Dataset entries
.....
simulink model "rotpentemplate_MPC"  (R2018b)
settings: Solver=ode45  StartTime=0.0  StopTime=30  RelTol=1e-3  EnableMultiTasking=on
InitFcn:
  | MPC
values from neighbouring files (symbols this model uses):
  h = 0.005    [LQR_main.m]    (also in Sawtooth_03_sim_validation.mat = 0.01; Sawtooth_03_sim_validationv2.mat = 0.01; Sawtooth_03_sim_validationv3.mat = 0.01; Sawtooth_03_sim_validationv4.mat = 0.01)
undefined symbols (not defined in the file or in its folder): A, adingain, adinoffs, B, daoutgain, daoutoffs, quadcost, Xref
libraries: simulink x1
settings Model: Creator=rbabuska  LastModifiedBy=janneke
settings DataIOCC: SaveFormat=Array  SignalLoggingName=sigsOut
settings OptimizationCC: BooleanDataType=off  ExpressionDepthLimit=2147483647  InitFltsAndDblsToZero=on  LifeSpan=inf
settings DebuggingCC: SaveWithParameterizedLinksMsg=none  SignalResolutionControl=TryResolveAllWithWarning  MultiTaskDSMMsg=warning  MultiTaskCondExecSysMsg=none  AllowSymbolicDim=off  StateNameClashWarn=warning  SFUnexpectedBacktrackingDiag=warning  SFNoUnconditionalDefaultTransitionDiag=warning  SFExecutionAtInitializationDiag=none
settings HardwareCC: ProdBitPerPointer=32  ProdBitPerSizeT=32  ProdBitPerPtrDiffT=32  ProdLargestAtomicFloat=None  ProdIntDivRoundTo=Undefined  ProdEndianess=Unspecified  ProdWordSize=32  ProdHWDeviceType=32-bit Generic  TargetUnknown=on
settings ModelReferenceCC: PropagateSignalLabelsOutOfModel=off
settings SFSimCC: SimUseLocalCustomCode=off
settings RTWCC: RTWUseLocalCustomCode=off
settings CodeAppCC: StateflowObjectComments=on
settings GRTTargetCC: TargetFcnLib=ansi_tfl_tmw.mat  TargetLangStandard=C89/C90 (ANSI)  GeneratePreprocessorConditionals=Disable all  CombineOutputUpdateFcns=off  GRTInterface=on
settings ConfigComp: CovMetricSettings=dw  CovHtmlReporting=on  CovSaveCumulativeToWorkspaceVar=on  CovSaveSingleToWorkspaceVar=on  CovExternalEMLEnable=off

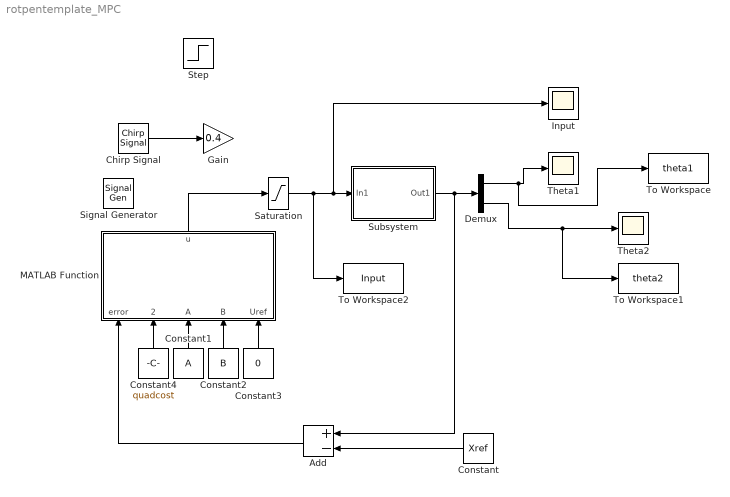
== system rotpentemplate_MPC ==
  Add : Sum  Inputs=+-
  Chirp Signal : simulink/Sources/Chirp Signal  f1=0.05  T=30  f2=1.5
  Constant : Constant  Value=Xref
  Constant1 : Constant  Value=A
  Constant2 : Constant  Value=B
  Constant3 : Constant  Value=0
  Constant4 : Constant  Value=quadcost
  Demux : Demux  Outputs=2
  Gain : Gain  Gain=0.4
  Input : Scope
  MATLAB Function : MATLAB Function  TreatAsAtomicUnit=on
  Saturation : Saturate  UpperLimit=1  LowerLimit=-1
  Signal Generator : SignalGenerator  WaveForm=square  Amplitude=0.3
  Step : Step  After=0.25  SampleTime=0
  Subsystem : Subsystem
      mask Display: disp('Rotational\nPendulum')
  Theta1 : Scope
  Theta2 : Scope
  To Workspace : ToWorkspace  VariableName=theta1  SaveFormat=Timeseries  SampleTime=-1
  To Workspace1 : ToWorkspace  VariableName=theta2  SaveFormat=Timeseries  SampleTime=-1
  To Workspace2 : ToWorkspace  VariableName=Input  SaveFormat=Timeseries  SampleTime=-1
  wires:
  Saturation/1 -> To Workspace2/1, Subsystem/1(In1), Input/1
  Subsystem/1(Out1) -> Add/1, Demux/1
  Demux/1 -> To Workspace/1, Theta1/1
  Chirp Signal/1 -> Gain/1
  Demux/2 -> To Workspace1/1, Theta2/1
  Constant/1 -> Add/2
  MATLAB Function/1(u) -> Saturation/1
  Add/1 -> MATLAB Function/1(error)
  Constant1/1 -> MATLAB Function/3(A)
  Constant2/1 -> MATLAB Function/4(B)
  Constant3/1 -> MATLAB Function/5(Uref)
  Constant4/1 -> MATLAB Function/2(quadcost)

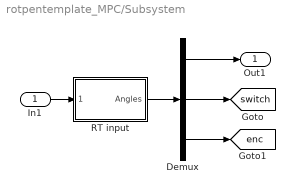
== system rotpentemplate_MPC/Subsystem ==
  In1 : Inport
  Demux : Demux  Outputs=[2 4 1]
  RT input : Subsystem  mask{Ts=h, channels=[6 7]}
      mask prompts: Ts "Sample time [s]:"; channels "Channels to read (e.g., [6 7])"
      mask init:
      | hwinit;
      | 
      | % initialize FPGA
      | fugihandle = fugiboard('Open', 'Pendulum1');
      | fugihandle.WatchdogTimeout = 0.5;
      | fugiboard('SetParams', fugihandle);
      | fugiboard('Write', fugihandle, 0, 0, 0, 0);  % dummy write to sync interface board
      | fugiboard('Write', fugihandle, 5, 1, 0, 0);  % reset position, activate relay
      | data = fugiboard('Read', fugihandle);        % get version info from FPGA
      | % model = bitshift(data(1), -5); 
      | % version = bitand(data(1), 31);
      | % disp(sprintf('FPGA setup %d, version %d', model, version)); % for the B&P it should say 1 1, or else there is a problem
      | fugiboard('Write', fugihandle, 0, 1, 0, 0);  % end reset
      | pause(0.1);                         % give relay some time to respond
      mask Display: disp('Rotational\nPendulum')
  Out1 : Outport
  tag scope: enc=global, switch=global
  wires:
  RT input/1(Angles) -> Demux/1
  Demux/1 -> Out1/1
  Demux/2 -> [switch]
  Demux/3 -> [enc]
  In1/1 -> RT input/1(Motors)

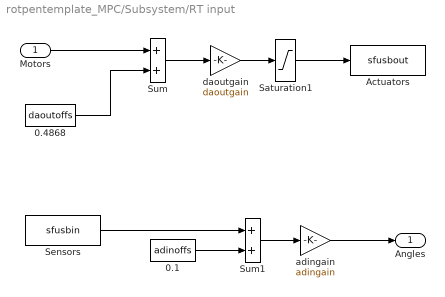
== system rotpentemplate_MPC/Subsystem/RT input ==
  Motors : Inport
  0.1 : Constant  Value=adinoffs
  0.4868 : Constant  Value=daoutoffs
  Actuators : S-Function  FunctionName=sfusbout  Parameters=Ts, fugihandle  SFunctionDeploymentMode=off  EnableBusSupport=off
  Saturation1 : Saturate  UpperLimit=10  LowerLimit=-10
  Sensors : S-Function  FunctionName=sfusbin  Parameters=Ts, fugihandle, channels  SFunctionDeploymentMode=off  EnableBusSupport=off
  Sum : Sum  SaturateOnIntegerOverflow=on  InputSameDT=on  OutDataTypeStr=Inherit: Same as first input
  Sum1 : Sum  SaturateOnIntegerOverflow=on  InputSameDT=on  OutDataTypeStr=Inherit: Same as first input
  adingain : Gain  Gain=adingain  SaturateOnIntegerOverflow=on  OutDataTypeStr=Inherit: Same as input  ParamDataTypeStr=Inherit: Same as input
  daoutgain : Gain  Gain=daoutgain  SaturateOnIntegerOverflow=on  OutDataTypeStr=Inherit: Same as input  ParamDataTypeStr=Inherit: Same as input
  Angles : Outport
  wires:
  Sum/1 -> daoutgain/1
  0.4868/1 -> Sum/2
  Motors/1 -> Sum/1
  Sum1/1 -> adingain/1
  0.1/1 -> Sum1/2
  adingain/1 -> Angles/1
  Saturation1/1 -> Actuators/1
  daoutgain/1 -> Saturation1/1
  Sensors/1 -> Sum1/1

== matlab function rotpentemplate_MPC/MATLAB Function ==
  data: error input; u output; quadcost input; A input; B input; Uref input
function u = quadprob(error,quadcost, A, B, Uref)

persistent k;
if isempty(k)
    k=1;
end
   
persistent uk;
if isempty(uk)
    uk=[0;0];
end

if k*par.Ts_b<=t   
    k=k+1;

    uB=quadprog(quadcost.H(:,:,k-1),quadcost.h(:,:,k-1)*error);
    uk=uB(1:dim.nu);
    k
    
    
end

u=uk+Uref(k,:)';
.....
Task to carry out: Could you retype exactly the lines from the first one of the records through the line containing "values from neighbouring", both included, and nothing more?

Answer to this exercise:
simulink model "rotpentemplate_MPC"  (R2018b)
settings: Solver=ode45  StartTime=0.0  StopTime=30  RelTol=1e-3  EnableMultiTasking=on
InitFcn:
  | MPC
values from neighbouring files (symbols this model uses):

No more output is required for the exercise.